# Found a pigeon with bands on both ankles



## katycates (Sep 21, 2009)

We are in Northern New Hampshire and about 2 weeks ago a lovely white pigeon with brown feathers around his (her?) neck and upper back appeared. He seems healthy just lost. We've given him bird seed and a dish of water. He appears to be roosting out my office door. We were hoping to catch him to read his bands, but he flies off when we get close to him. Are there any homing or racing pigeon societies near by? Any lost and found websites? I'm sure his human is worried sick about him. Any guidance is greatly appreciated. Katy Cates, Whitefield, NH


----------



## Skyeking (Jan 17, 2003)

katycates said:


> We are in Northern New Hampshire and about 2 weeks ago a lovely white pigeon with brown feathers around his (her?) neck and upper back appeared. He seems healthy just lost. We've given him bird seed and a dish of water. He appears to be roosting out my office door. We were hoping to catch him to read his bands, but he flies off when we get close to him. Are there any homing or racing pigeon societies near by? Any lost and found websites? I'm sure his human is worried sick about him. Any guidance is greatly appreciated. Katy Cates, Whitefield, NH


Hi Katy,

Thank you for your concern over this bird.

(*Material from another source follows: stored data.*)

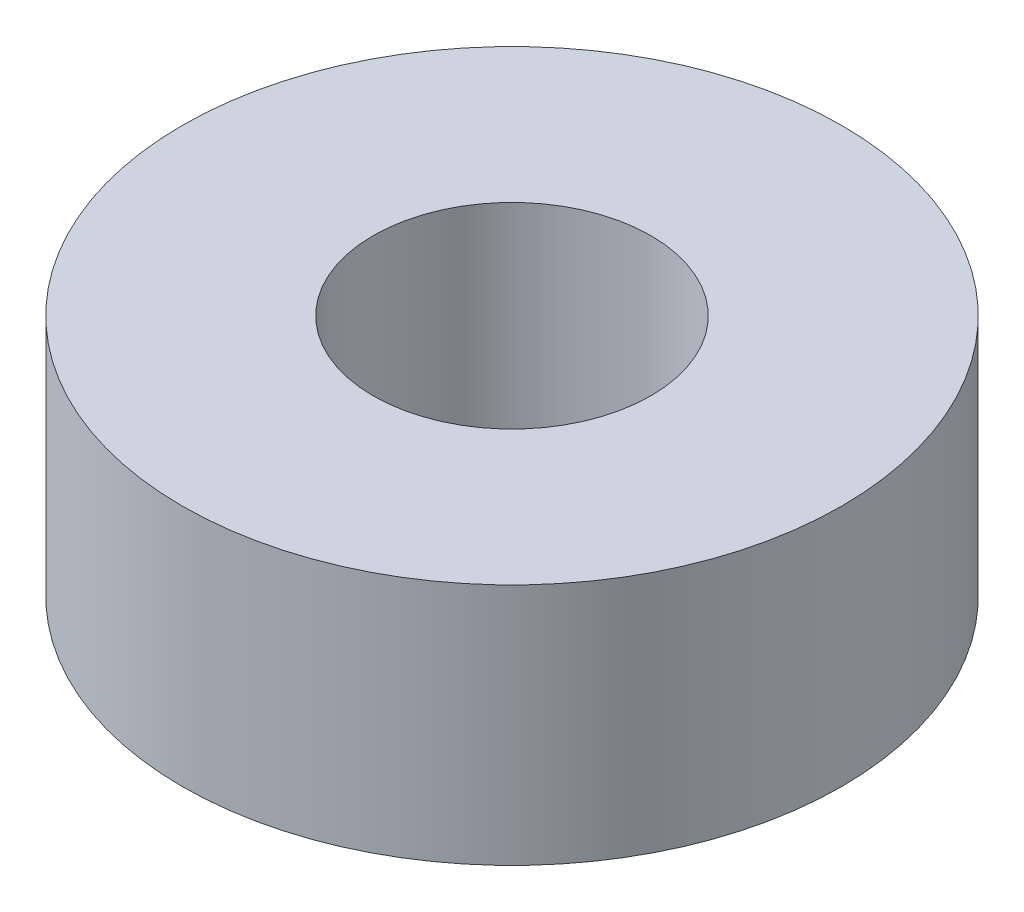
from build123d import *

# Parameters (mm, degrees)
SKETCH1_R           = 9.5
SKETCH1_R_2         = 4
BOSS_EXTRUDE1_DEPTH = 7


with BuildPart() as part:
    # Sketch1 → Boss-Extrude1 (new body)
    with BuildSketch(Plane(origin=(0, 0, 0), x_dir=(1, 0, 0), z_dir=(0, 1, 0))):
        with Locations(Location((0, 0, 0), (0, 0, 270))):
            Circle(SKETCH1_R)
        with Locations(Location((0, 0, 0), (0, 0, 270))):
            Circle(SKETCH1_R_2, mode=Mode.SUBTRACT)
    extrude(amount=BOSS_EXTRUDE1_DEPTH)


solid = part.part
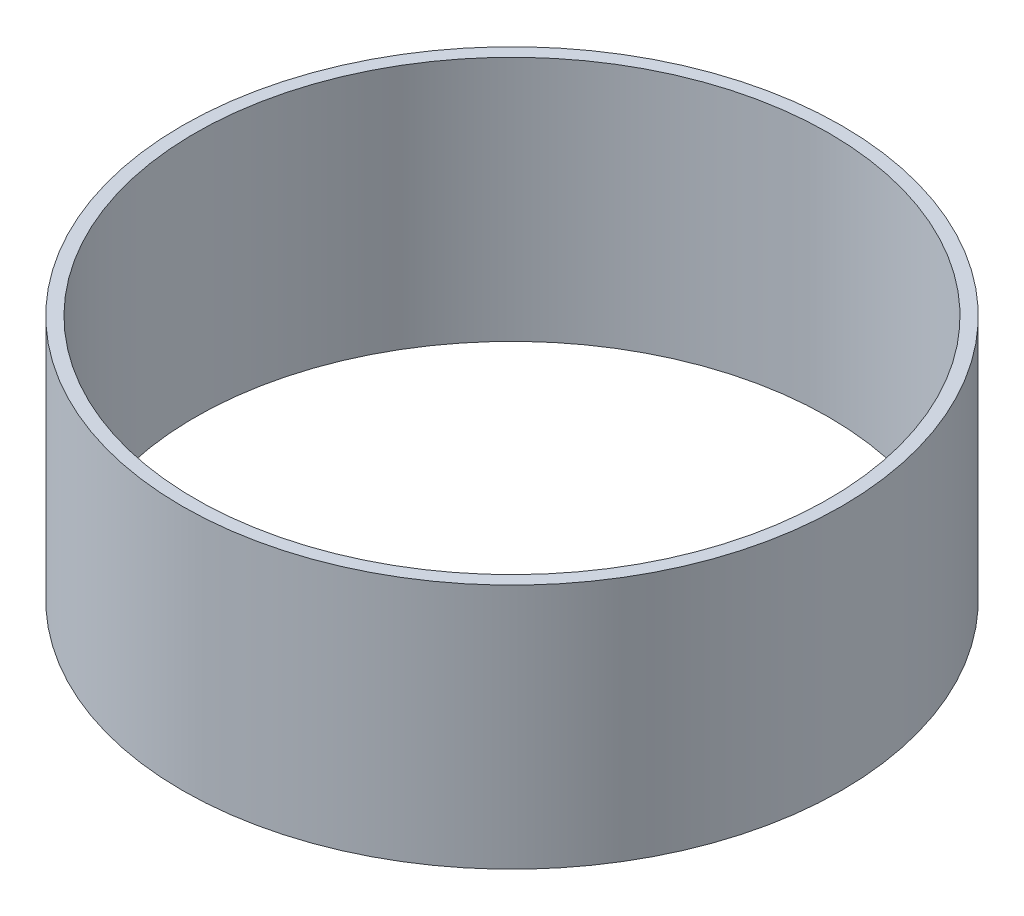
from build123d import *

# Parameters (mm, degrees)
SKETCH2_R           = 51.054
SKETCH2_R_2         = 49.0601
BOSS_EXTRUDE1_DEPTH = 38.1


with BuildPart() as part:
    # Sketch2 → Boss-Extrude1 (new body)
    with BuildSketch(Plane(origin=(0, 0, 0), x_dir=(1, 0, 0), z_dir=(0, 1, 0))):
        with Locations(Location((0, 0, 0), (0, 0, 90))):
            Circle(SKETCH2_R)
        with Locations(Location((0, 0, 0), (0, 0, 90))):
            Circle(SKETCH2_R_2, mode=Mode.SUBTRACT)
    extrude(amount=BOSS_EXTRUDE1_DEPTH)


solid = part.part
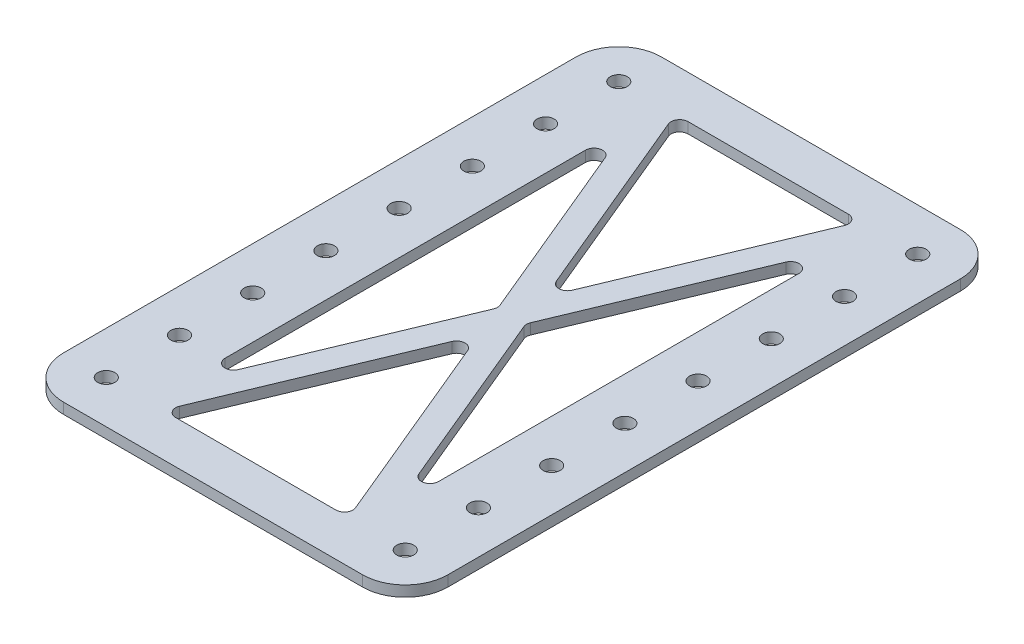
from build123d import *

# Parameters (mm, degrees)
SKETCH1_W           = 114.3
SKETCH1_H           = 177.8
BOSS_EXTRUDE1_DEPTH = 3.175
SKETCH2_R           = 2.54
CUT_EXTRUDE1_DEPTH  = 3.175
FILLET1_R           = 12.7
CUT_EXTRUDE2_DEPTH  = 106.732743864
FILLET2_R           = 2.54


with BuildPart() as part:
    # Sketch1 → Boss-Extrude1 (new body)
    with BuildSketch(Plane(origin=(0, 0, 0), x_dir=(1, 0, 0), z_dir=(0, 1, 0))):
        Rectangle(SKETCH1_W, SKETCH1_H)
    extrude(amount=BOSS_EXTRUDE1_DEPTH)

    # Sketch2 → Cut-Extrude1 (cut)
    with BuildSketch(Plane(origin=(0, 3.175, 0), x_dir=(1, 0, 0), z_dir=(0, 1, 0))):
        with Locations(Location((-44.45, 76.2, 0), (0, 0, 270))):
            Circle(SKETCH2_R)
        with Locations(Location((-44.45, 54.428571429, 0), (0, 0, 270))):
            Circle(SKETCH2_R)
        with Locations(Location((-44.45, 32.657142857, 0), (0, 0, 270))):
            Circle(SKETCH2_R)
        with Locations(Location((-44.45, 10.885714286, 0), (0, 0, 270))):
            Circle(SKETCH2_R)
        with Locations(Location((-44.45, -10.885714286, 0), (0, 0, 270))):
            Circle(SKETCH2_R)
        with Locations(Location((-44.45, -32.657142857, 0), (0, 0, 270))):
            Circle(SKETCH2_R)
        with Locations(Location((-44.45, -54.428571429, 0), (0, 0, 270))):
            Circle(SKETCH2_R)
        with Locations(Location((-44.45, -76.2, 0), (0, 0, 270))):
            Circle(SKETCH2_R)
        with Locations(Location((44.45, -76.2, 0), (0, 0, 90))):
            Circle(SKETCH2_R)
        with Locations(Location((44.45, -54.428571429, 0), (0, 0, 90))):
            Circle(SKETCH2_R)
        with Locations(Location((44.45, -32.657142857, 0), (0, 0, 90))):
            Circle(SKETCH2_R)
        with Locations(Location((44.45, -10.885714286, 0), (0, 0, 90))):
            Circle(SKETCH2_R)
        with Locations(Location((44.45, 10.885714286, 0), (0, 0, 90))):
            Circle(SKETCH2_R)
        with Locations(Location((44.45, 32.657142857, 0), (0, 0, 90))):
            Circle(SKETCH2_R)
        with Locations(Location((44.45, 54.428571429, 0), (0, 0, 90))):
            Circle(SKETCH2_R)
        with Locations(Location((44.45, 76.2, 0), (0, 0, 90))):
            Circle(SKETCH2_R)
    extrude(amount=-CUT_EXTRUDE1_DEPTH, mode=Mode.SUBTRACT)

    # Fillet1
    fillet1_edges = [part.edges().sort_by_distance(p)[0] for p in [
        (57.15, 1.5875, 88.9),
        (-57.15, 1.5875, 88.9),
        (-57.15, 1.5875, -88.9),
        (57.15, 1.5875, -88.9),
    ]]
    fillet(fillet1_edges, radius=FILLET1_R)

    # Sketch3 → Cut-Extrude2 (cut, through all)
    with BuildSketch(Plane(origin=(0, 3.175, 0), x_dir=(1, 0, 0), z_dir=(0, 1, 0))):
        Polygon((27.6225, -76.2), (-27.6225, -76.2), (0, -9.906), align=None)
        Polygon((31.75, -66.294), (31.75, 66.294), (4.1275, 0), align=None)
        Polygon((27.6225, 76.2), (-27.6225, 76.2), (0, 9.906), align=None)
        Polygon((-31.75, -66.294), (-31.75, 66.294), (-4.1275, 0), align=None)
    extrude(amount=-CUT_EXTRUDE2_DEPTH, mode=Mode.SUBTRACT)

    # Fillet2
    fillet2_edges = [part.edges().sort_by_distance(p)[0] for p in [
        (31.75, 1.5875, 66.294),
        (4.1275, 1.5875, 0),
        (31.75, 1.5875, -66.294),
        (-4.1275, 1.5875, 0),
        (-31.75, 1.5875, 66.294),
        (-31.75, 1.5875, -66.294),
        (0, 1.5875, -9.906),
        (-27.6225, 1.5875, -76.2),
        (27.6225, 1.5875, -76.2),
        (0, 1.5875, 9.906),
        (27.6225, 1.5875, 76.2),
        (-27.6225, 1.5875, 76.2),
    ]]
    fillet(fillet2_edges, radius=FILLET2_R)


solid = part.part
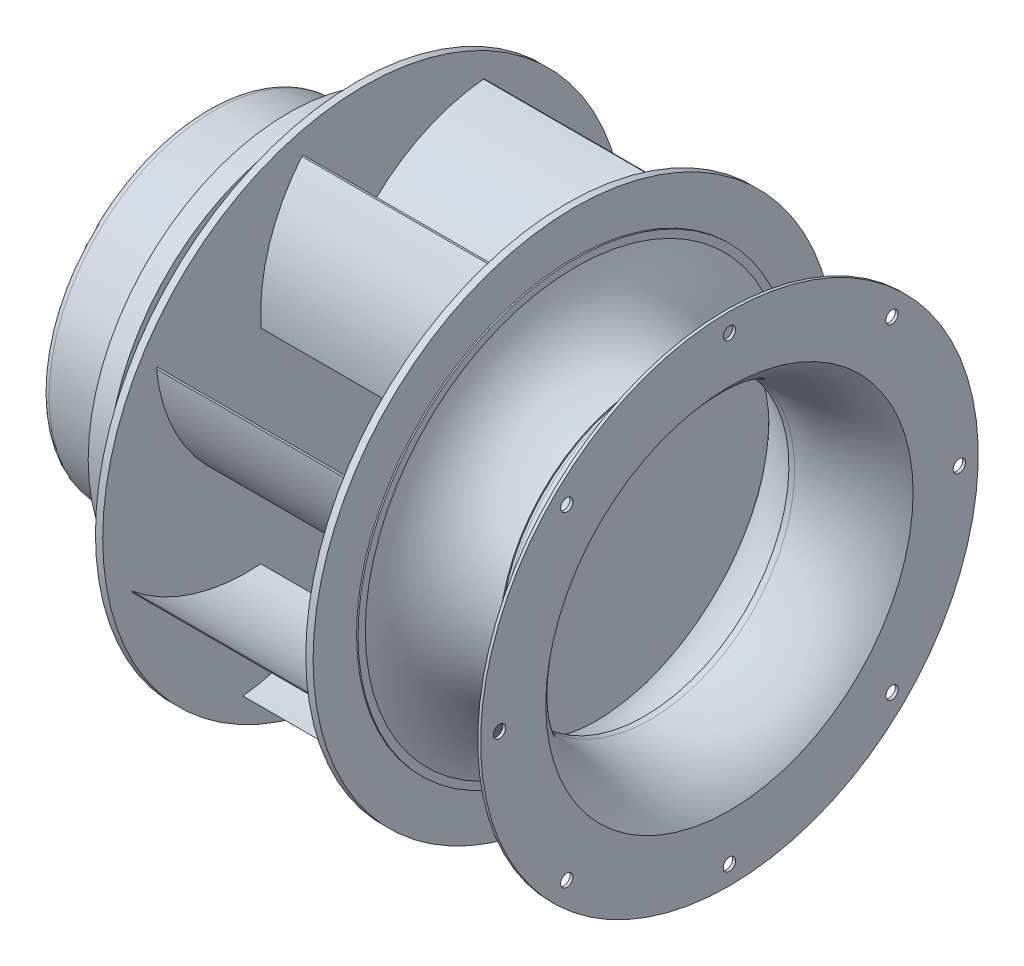
from build123d import *

# Parameters (mm, degrees)
SKETCH2_R          = 180
EXTRUDE1_DEPTH     = 5
SKETCH9_R          = 175
SKETCH9_R_2        = 70
EXTRUDE7_DEPTH     = 3
SKETCH3_R          = 180
EXTRUDE2_DEPTH     = 5
EXTRUDE3_DEPTH     = 145
CIRPATTERN1_COUNT  = 8
SKETCH7_R          = 4.25
EXTRUDE5_DEPTH     = 5
CIRPATTERN2_COUNT  = 8
SKETCH10_R         = 5
CUT_EXTRUDE1_DEPTH = 13.9


with BuildPart() as part:
    # Sketch1 → Revolve1 (revolve)
    with BuildSketch(Plane.XY, mode=Mode.PRIVATE) as revolve1_sk:
        with BuildLine():
            Line((0, 0), (0, 109))
            ThreePointArc((0, 109), (1.464466094, 112.535533906), (5, 114))
            Line((5, 114), (56, 114))
            Line((56, 114), (56, 138))
            Line((56, 138), (69.9, 138))
            Line((69.9, 138), (69.9, 98))
            Line((69.9, 98), (74.9, 98))
            Line((74.9, 98), (74.9, 133))
            Line((74.9, 133), (84.9, 133))
            Line((84.9, 133), (84.9, 98))
            Line((84.9, 98), (103, 98))
            Line((103, 98), (103, 0))
            Line((103, 0), (0, 0))
        make_face()
    revolve(revolve1_sk.sketch.rotate(Axis((0, 0, 0), (1, 0, 0)), 90), axis=Axis((0, 0, 0), (1, 0, 0)))

    # Sketch2 → Extrude1 (add)
    with BuildSketch(Plane(origin=(103, 0, 0), x_dir=(0, 0, -1), z_dir=(1, 0, 0))):
        Circle(SKETCH2_R)
    extrude(amount=EXTRUDE1_DEPTH)

    # Sketch9 → Extrude7 (cut)
    with BuildSketch(Plane.ZY.offset(-103)):
        Circle(SKETCH9_R)
        Circle(SKETCH9_R_2, mode=Mode.SUBTRACT)
    extrude(amount=-EXTRUDE7_DEPTH, mode=Mode.SUBTRACT)



with BuildPart() as body_2:
    # Sketch3 → Extrude2 (new body)
    with BuildSketch(Plane(origin=(248, 0, 0), x_dir=(0, 0, -1), z_dir=(1, 0, 0))):
        Circle(SKETCH3_R)
    extrude(amount=EXTRUDE2_DEPTH)


with BuildPart() as part_1:
    add(part.part)

    add(body_2.part)  # Extrude3 merges body 2
    # Sketch4 → Extrude3 (add)
    with BuildSketch(Plane(origin=(108, 0, 0), x_dir=(0, 0, -1), z_dir=(1, 0, 0))):
        with BuildLine():
            Line((0, 100), (0.866025404, 99.5))
            ThreePointArc((0.866025404, 99.5), (37.979123721, 128.903753251), (83.366025404, 142.394191624))
            Line((83.366025404, 142.394191624), (82.5, 142.894191624))
            ThreePointArc((82.5, 142.894191624), (37.113098317, 129.403753251), (0, 100))
        make_face()
    extrude3 = extrude(amount=EXTRUDE3_DEPTH)

    # CirPattern1: Extrude3 ×8 about axis
    cirpattern1_axis = Axis((0, 0, 0), (1, 0, 0))
    for i in range(1, CIRPATTERN1_COUNT):
        add(extrude3.rotate(cirpattern1_axis, i * 360 / CIRPATTERN1_COUNT))

    # Sketch5 → Revolve2 (revolve)
    with BuildSketch(Plane.XY, mode=Mode.PRIVATE) as revolve2_sk:
        with BuildLine():
            Line((253, 150), (254, 150))
            Line((254, 150), (254, 145))
            ThreePointArc((254, 145), (272.674954292, 116.308769755), (304, 102.5))
            Line((304, 102.5), (304, 101.5))
            ThreePointArc((304, 101.5), (271.858893923, 115.463875634), (253, 145))
            Line((253, 145), (253, 150))
        make_face()
    revolve(revolve2_sk.sketch.rotate(Axis((0, 0, 0), (1, 0, 0)), 90), axis=Axis((0, 0, 0), (1, 0, 0)))

    # Sketch10 → Cut-Extrude1 (cut)
    with BuildSketch(Plane.ZY.offset(-56)):
        with Locations((0, 126)):
            Circle(SKETCH10_R)
        with Locations((126, 0)):
            Circle(SKETCH10_R)
        with Locations((0, -126)):
            Circle(SKETCH10_R)
        with Locations((-126, 0)):
            Circle(SKETCH10_R)
    extrude(amount=-CUT_EXTRUDE1_DEPTH, mode=Mode.SUBTRACT)


with BuildPart() as body_2_2:
    # Sketch6 → Revolve3 (revolve)
    with BuildSketch(Plane.XY, mode=Mode.PRIVATE) as revolve3_sk:
        with BuildLine():
            Line((360, 171.5), (358, 171.5))
            Line((358, 171.5), (358, 126.6))
            ThreePointArc((358, 126.6), (334.481813227, 108.336048031), (305.5, 101.5))
            Line((305.5, 101.5), (301.5, 101.5))
            Line((301.5, 101.5), (301.5, 99.5))
            Line((301.5, 99.5), (305.5, 99.5))
            ThreePointArc((305.5, 99.5), (335.849606698, 106.816473615), (360, 126.6))
            Line((360, 126.6), (360, 171.5))
        make_face()
    revolve(revolve3_sk.sketch.rotate(Axis((0, 0, 0), (1, 0, 0)), 180), axis=Axis((0, 0, 0), (1, 0, 0)))

    # Sketch7 → Extrude5 (cut)
    with BuildSketch(Plane(origin=(360, 0, 0), x_dir=(0, 0, -1), z_dir=(1, 0, 0))):
        with Locations((0, 158.5)):
            Circle(SKETCH7_R)
    extrude5 = extrude(amount=-EXTRUDE5_DEPTH, mode=Mode.SUBTRACT)

    # CirPattern2: Extrude5 ×8 about axis
    cirpattern2_axis = Axis((0, 0, 0), (1, 0, 0))
    for i in range(1, CIRPATTERN2_COUNT):
        add(extrude5.rotate(cirpattern2_axis, i * 360 / CIRPATTERN2_COUNT), mode=Mode.SUBTRACT)


solid = Compound([part_1.part, body_2_2.part])

Nothing can be done for him if he is not contained.

Please do try to catch him by using the trap method. Once he is caught we can help to find the owner, and if that is not possible, then find him a new home.

http://www.racingbirds.com/ptrap.html Only feed him under the trap.

If this doesn't work for you, there are other methods on this link:

http://www.pigeons.biz/forums/f20/1st-step-in-helping-a-bird-secure-it-links-on-securing-38776.html


----------